──────── Data records ────────

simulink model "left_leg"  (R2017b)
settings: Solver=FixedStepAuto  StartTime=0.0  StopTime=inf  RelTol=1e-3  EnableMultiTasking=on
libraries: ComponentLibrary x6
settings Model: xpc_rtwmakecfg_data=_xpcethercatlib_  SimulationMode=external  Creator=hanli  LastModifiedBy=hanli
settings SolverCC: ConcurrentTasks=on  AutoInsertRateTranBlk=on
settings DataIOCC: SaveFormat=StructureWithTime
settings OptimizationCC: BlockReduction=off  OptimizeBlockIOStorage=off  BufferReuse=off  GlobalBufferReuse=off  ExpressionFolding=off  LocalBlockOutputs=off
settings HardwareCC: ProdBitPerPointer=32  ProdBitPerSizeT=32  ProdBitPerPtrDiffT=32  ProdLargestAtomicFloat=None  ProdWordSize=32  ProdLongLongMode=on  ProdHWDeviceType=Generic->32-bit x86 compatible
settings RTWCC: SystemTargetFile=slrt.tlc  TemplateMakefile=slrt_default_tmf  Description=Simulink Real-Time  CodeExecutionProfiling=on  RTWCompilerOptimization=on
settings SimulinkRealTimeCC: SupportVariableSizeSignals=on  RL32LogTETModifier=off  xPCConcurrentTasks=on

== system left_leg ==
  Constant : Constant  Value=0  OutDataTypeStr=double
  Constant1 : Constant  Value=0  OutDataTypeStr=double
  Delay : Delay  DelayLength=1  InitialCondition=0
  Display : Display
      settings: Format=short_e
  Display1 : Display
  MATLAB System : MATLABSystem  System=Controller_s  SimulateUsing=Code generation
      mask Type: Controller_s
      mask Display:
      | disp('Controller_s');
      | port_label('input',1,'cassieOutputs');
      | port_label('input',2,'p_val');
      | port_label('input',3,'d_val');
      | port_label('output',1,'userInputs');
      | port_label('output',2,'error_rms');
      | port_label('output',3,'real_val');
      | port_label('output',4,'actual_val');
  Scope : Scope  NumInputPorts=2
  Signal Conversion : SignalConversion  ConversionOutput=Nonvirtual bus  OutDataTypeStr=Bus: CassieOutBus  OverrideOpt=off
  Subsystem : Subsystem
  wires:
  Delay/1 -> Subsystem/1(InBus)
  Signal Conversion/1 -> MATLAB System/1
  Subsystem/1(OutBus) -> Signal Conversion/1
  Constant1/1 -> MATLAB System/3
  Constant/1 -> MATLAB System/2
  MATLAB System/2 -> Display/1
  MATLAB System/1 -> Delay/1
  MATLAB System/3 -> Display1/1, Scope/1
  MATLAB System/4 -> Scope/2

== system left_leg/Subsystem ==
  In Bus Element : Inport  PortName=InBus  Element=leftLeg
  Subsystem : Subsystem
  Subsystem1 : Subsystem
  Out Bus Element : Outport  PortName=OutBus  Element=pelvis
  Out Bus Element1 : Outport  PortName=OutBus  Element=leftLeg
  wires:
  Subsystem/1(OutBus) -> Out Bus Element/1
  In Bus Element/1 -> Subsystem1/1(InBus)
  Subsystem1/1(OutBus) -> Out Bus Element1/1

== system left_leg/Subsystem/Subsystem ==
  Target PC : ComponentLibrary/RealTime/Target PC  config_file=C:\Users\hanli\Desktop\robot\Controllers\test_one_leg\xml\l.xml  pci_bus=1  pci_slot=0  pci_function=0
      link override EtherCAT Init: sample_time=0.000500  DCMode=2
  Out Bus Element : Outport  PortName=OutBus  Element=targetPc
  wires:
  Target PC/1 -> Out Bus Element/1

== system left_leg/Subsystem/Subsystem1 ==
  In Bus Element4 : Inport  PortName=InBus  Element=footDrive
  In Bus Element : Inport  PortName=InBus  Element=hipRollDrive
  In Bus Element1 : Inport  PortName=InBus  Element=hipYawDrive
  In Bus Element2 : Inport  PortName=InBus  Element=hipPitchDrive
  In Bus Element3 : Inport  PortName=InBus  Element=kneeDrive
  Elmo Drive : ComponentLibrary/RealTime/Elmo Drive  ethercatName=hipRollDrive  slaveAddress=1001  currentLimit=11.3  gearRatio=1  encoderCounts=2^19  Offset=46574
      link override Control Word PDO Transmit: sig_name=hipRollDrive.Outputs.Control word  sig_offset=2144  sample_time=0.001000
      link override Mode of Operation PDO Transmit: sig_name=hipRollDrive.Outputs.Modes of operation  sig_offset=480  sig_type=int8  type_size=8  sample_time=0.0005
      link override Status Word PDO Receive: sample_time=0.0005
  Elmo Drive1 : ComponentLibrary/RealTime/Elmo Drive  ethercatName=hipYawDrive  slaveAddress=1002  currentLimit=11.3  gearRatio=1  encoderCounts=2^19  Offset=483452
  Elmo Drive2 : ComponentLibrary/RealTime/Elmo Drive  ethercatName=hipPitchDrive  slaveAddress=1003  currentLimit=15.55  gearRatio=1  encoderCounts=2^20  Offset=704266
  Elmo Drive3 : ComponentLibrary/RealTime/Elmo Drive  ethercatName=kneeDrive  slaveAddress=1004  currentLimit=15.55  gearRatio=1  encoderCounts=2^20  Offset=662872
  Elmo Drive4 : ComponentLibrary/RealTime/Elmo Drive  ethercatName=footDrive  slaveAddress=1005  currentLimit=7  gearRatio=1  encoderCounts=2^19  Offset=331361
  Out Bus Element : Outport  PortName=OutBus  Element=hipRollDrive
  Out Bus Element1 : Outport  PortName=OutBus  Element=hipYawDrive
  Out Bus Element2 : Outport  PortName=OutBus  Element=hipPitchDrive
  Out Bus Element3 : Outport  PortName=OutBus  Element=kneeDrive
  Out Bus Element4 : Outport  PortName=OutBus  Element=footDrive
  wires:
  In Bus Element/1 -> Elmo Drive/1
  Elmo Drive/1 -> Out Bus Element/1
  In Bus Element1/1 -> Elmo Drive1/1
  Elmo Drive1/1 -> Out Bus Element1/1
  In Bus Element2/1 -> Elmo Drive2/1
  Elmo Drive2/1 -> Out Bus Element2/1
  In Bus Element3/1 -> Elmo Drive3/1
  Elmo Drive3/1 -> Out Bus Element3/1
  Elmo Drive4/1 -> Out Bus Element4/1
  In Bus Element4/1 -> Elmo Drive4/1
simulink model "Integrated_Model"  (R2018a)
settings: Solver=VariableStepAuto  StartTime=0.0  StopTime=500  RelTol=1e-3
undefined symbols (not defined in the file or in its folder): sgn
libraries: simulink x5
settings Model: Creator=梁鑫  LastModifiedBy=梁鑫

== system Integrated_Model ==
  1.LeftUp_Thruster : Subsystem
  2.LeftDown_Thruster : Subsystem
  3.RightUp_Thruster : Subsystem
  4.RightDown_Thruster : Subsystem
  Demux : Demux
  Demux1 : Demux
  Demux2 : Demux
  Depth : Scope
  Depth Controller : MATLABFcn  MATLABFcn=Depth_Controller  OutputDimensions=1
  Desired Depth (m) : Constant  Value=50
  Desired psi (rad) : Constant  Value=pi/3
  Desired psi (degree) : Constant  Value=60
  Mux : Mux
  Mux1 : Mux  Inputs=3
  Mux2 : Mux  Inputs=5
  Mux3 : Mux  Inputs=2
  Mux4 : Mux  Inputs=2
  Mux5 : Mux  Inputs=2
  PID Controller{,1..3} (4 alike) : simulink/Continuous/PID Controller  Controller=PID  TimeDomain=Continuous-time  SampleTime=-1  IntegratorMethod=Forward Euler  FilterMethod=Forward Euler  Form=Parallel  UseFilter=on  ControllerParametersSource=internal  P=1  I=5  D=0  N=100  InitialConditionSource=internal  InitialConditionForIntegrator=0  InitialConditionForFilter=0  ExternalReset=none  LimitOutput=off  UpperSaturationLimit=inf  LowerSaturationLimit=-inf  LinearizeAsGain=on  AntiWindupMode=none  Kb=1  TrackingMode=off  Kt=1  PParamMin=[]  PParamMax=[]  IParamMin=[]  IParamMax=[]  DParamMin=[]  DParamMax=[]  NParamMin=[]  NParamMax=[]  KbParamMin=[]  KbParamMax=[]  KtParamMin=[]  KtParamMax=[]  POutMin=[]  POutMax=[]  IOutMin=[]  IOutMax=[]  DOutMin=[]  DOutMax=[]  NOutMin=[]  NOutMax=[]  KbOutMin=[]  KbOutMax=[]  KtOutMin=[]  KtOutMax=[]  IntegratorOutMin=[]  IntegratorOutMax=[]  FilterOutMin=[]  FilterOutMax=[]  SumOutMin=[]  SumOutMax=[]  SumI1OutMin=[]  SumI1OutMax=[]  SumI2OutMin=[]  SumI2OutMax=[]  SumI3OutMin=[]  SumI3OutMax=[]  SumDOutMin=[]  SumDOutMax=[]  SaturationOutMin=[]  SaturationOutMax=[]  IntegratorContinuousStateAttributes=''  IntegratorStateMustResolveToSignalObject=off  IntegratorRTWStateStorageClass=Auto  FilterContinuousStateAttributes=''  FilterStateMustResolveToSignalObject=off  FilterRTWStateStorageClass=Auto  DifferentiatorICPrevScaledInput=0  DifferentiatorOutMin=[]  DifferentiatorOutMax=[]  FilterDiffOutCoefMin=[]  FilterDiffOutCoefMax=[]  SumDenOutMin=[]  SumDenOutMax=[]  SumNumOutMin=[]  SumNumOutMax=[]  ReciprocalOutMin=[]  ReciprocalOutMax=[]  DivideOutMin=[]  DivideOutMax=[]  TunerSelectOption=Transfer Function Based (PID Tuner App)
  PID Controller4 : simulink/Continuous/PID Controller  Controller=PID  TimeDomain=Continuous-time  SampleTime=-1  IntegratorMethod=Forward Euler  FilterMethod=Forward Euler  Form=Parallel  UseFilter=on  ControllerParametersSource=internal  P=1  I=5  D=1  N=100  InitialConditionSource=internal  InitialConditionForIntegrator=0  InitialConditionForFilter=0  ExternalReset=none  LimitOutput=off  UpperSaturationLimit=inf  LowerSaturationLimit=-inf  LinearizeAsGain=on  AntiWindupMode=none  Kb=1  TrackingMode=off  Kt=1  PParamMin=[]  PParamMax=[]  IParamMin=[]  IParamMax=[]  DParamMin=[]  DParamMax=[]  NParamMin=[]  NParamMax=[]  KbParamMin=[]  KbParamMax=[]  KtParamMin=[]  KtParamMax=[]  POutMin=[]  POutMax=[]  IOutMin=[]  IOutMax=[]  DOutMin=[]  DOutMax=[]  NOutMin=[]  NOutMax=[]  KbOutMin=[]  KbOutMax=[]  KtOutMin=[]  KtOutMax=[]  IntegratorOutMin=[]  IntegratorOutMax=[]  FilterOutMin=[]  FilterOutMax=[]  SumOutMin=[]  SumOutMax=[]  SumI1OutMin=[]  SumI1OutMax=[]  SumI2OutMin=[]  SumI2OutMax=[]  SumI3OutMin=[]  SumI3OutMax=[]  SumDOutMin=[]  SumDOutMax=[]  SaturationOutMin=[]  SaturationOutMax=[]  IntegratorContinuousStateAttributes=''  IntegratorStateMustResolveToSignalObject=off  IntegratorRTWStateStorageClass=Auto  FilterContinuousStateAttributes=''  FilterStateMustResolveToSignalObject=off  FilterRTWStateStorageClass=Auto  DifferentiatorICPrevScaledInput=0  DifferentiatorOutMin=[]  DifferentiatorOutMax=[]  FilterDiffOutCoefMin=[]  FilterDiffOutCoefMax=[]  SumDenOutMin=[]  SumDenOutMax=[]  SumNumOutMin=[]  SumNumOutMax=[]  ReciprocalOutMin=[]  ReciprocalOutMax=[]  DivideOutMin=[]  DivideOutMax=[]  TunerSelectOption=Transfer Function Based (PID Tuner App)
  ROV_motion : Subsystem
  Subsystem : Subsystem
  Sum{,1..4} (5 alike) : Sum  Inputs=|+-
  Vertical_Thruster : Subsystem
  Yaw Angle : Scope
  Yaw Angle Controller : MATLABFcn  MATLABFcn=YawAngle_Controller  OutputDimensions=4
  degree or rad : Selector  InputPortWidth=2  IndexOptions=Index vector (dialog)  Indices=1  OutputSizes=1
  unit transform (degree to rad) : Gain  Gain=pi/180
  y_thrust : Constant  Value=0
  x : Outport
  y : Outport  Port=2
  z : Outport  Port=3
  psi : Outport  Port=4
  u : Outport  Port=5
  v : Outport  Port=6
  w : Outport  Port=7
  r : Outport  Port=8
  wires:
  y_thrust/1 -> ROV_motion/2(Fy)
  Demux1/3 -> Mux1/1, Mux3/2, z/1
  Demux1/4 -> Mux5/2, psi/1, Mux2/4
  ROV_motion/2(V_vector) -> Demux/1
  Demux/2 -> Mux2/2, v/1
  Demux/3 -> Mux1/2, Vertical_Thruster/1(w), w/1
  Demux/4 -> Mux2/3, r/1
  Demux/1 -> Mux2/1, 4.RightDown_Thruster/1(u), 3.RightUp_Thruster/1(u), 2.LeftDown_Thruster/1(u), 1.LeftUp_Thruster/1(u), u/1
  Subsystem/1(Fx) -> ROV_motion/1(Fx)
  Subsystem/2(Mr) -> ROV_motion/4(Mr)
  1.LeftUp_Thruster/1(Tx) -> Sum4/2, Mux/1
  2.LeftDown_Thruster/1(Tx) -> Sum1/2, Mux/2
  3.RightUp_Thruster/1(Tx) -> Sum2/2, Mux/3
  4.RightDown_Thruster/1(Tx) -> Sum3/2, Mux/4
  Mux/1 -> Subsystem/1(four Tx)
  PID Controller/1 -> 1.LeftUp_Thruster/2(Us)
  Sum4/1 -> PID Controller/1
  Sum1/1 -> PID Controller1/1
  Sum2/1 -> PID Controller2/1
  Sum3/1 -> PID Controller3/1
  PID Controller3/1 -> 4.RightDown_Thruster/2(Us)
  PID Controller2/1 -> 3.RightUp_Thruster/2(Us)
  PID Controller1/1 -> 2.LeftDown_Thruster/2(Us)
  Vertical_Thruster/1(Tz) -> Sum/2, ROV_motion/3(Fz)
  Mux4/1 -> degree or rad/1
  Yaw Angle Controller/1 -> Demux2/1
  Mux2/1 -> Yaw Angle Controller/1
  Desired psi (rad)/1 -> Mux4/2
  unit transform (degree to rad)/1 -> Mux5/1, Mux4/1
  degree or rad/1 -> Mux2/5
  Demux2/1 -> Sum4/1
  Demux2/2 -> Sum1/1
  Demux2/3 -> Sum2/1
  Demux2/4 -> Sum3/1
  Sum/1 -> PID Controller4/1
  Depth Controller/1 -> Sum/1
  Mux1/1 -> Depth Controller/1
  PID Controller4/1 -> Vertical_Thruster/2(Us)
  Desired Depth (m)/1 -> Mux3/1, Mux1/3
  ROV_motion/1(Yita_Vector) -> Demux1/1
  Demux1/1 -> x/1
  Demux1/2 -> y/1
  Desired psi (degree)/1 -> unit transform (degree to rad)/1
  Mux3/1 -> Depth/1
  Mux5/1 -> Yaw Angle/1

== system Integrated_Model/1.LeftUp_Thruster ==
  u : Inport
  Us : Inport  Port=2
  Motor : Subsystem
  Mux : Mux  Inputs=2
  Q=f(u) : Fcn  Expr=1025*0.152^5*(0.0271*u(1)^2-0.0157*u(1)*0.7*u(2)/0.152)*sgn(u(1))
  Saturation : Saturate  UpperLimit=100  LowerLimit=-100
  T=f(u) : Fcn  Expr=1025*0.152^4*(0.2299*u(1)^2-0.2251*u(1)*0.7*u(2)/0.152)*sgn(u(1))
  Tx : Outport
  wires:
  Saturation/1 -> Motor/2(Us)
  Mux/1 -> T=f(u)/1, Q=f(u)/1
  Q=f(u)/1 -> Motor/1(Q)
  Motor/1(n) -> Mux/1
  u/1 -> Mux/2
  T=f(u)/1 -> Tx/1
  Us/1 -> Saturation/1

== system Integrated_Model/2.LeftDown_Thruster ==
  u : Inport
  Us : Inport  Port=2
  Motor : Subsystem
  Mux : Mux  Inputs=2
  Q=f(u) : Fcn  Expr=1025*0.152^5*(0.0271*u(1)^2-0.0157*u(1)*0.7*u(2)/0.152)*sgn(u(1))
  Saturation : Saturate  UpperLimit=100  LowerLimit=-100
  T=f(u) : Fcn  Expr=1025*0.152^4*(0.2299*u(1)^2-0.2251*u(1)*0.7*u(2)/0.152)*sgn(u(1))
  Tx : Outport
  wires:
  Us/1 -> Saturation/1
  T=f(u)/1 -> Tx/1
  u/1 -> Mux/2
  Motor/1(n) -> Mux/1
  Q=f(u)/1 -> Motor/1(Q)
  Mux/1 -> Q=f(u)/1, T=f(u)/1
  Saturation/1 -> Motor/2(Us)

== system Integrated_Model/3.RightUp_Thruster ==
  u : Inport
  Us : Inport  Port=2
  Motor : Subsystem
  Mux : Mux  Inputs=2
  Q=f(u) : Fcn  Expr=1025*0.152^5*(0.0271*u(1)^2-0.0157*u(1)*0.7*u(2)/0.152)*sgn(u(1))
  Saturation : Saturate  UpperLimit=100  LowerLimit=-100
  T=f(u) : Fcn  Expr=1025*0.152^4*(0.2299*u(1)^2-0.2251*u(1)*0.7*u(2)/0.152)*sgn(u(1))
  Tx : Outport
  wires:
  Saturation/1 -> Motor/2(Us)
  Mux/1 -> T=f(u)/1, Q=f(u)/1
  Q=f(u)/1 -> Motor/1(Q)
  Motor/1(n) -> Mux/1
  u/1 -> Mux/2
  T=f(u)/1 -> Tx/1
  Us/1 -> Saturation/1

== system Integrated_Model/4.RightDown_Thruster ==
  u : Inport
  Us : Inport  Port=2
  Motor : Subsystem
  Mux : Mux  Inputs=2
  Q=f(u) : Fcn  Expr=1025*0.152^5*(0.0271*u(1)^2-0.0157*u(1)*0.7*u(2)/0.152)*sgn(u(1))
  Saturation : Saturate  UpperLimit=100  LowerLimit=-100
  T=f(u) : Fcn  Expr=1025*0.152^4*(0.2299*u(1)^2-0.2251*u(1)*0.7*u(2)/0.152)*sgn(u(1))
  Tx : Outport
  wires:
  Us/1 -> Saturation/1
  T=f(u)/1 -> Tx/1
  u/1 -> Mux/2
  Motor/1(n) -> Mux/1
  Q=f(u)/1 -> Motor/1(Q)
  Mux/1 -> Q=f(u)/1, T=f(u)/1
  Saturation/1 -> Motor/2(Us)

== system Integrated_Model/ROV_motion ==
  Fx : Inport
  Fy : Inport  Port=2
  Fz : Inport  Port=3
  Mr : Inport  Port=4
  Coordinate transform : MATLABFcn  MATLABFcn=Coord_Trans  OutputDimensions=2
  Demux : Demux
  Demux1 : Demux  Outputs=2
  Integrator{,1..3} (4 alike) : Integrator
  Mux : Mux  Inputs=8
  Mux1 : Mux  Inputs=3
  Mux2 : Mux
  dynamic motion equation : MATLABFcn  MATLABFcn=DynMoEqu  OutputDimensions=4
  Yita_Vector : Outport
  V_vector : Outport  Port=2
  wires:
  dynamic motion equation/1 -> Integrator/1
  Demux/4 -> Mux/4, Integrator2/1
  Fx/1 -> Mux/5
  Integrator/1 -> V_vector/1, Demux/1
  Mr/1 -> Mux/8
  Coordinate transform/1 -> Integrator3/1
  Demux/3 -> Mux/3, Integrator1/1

────────

**Work order:**
Everything above from the line containing "z : Outport" through the line containing "Mux5/1 -> Yaw Angle/1" must be copied exactly. Nothing outside that range belongs in the answer.

**Task output:**
  z : Outport  Port=3
  psi : Outport  Port=4
  u : Outport  Port=5
  v : Outport  Port=6
  w : Outport  Port=7
  r : Outport  Port=8
  wires:
  y_thrust/1 -> ROV_motion/2(Fy)
  Demux1/3 -> Mux1/1, Mux3/2, z/1
  Demux1/4 -> Mux5/2, psi/1, Mux2/4
  ROV_motion/2(V_vector) -> Demux/1
  Demux/2 -> Mux2/2, v/1
  Demux/3 -> Mux1/2, Vertical_Thruster/1(w), w/1
  Demux/4 -> Mux2/3, r/1
  Demux/1 -> Mux2/1, 4.RightDown_Thruster/1(u), 3.RightUp_Thruster/1(u), 2.LeftDown_Thruster/1(u), 1.LeftUp_Thruster/1(u), u/1
  Subsystem/1(Fx) -> ROV_motion/1(Fx)
  Subsystem/2(Mr) -> ROV_motion/4(Mr)
  1.LeftUp_Thruster/1(Tx) -> Sum4/2, Mux/1
  2.LeftDown_Thruster/1(Tx) -> Sum1/2, Mux/2
  3.RightUp_Thruster/1(Tx) -> Sum2/2, Mux/3
  4.RightDown_Thruster/1(Tx) -> Sum3/2, Mux/4
  Mux/1 -> Subsystem/1(four Tx)
  PID Controller/1 -> 1.LeftUp_Thruster/2(Us)
  Sum4/1 -> PID Controller/1
  Sum1/1 -> PID Controller1/1
  Sum2/1 -> PID Controller2/1
  Sum3/1 -> PID Controller3/1
  PID Controller3/1 -> 4.RightDown_Thruster/2(Us)
  PID Controller2/1 -> 3.RightUp_Thruster/2(Us)
  PID Controller1/1 -> 2.LeftDown_Thruster/2(Us)
  Vertical_Thruster/1(Tz) -> Sum/2, ROV_motion/3(Fz)
  Mux4/1 -> degree or rad/1
  Yaw Angle Controller/1 -> Demux2/1
  Mux2/1 -> Yaw Angle Controller/1
  Desired psi (rad)/1 -> Mux4/2
  unit transform (degree to rad)/1 -> Mux5/1, Mux4/1
  degree or rad/1 -> Mux2/5
  Demux2/1 -> Sum4/1
  Demux2/2 -> Sum1/1
  Demux2/3 -> Sum2/1
  Demux2/4 -> Sum3/1
  Sum/1 -> PID Controller4/1
  Depth Controller/1 -> Sum/1
  Mux1/1 -> Depth Controller/1
  PID Controller4/1 -> Vertical_Thruster/2(Us)
  Desired Depth (m)/1 -> Mux3/1, Mux1/3
  ROV_motion/1(Yita_Vector) -> Demux1/1
  Demux1/1 -> x/1
  Demux1/2 -> y/1
  Desired psi (degree)/1 -> unit transform (degree to rad)/1
  Mux3/1 -> Depth/1
  Mux5/1 -> Yaw Angle/1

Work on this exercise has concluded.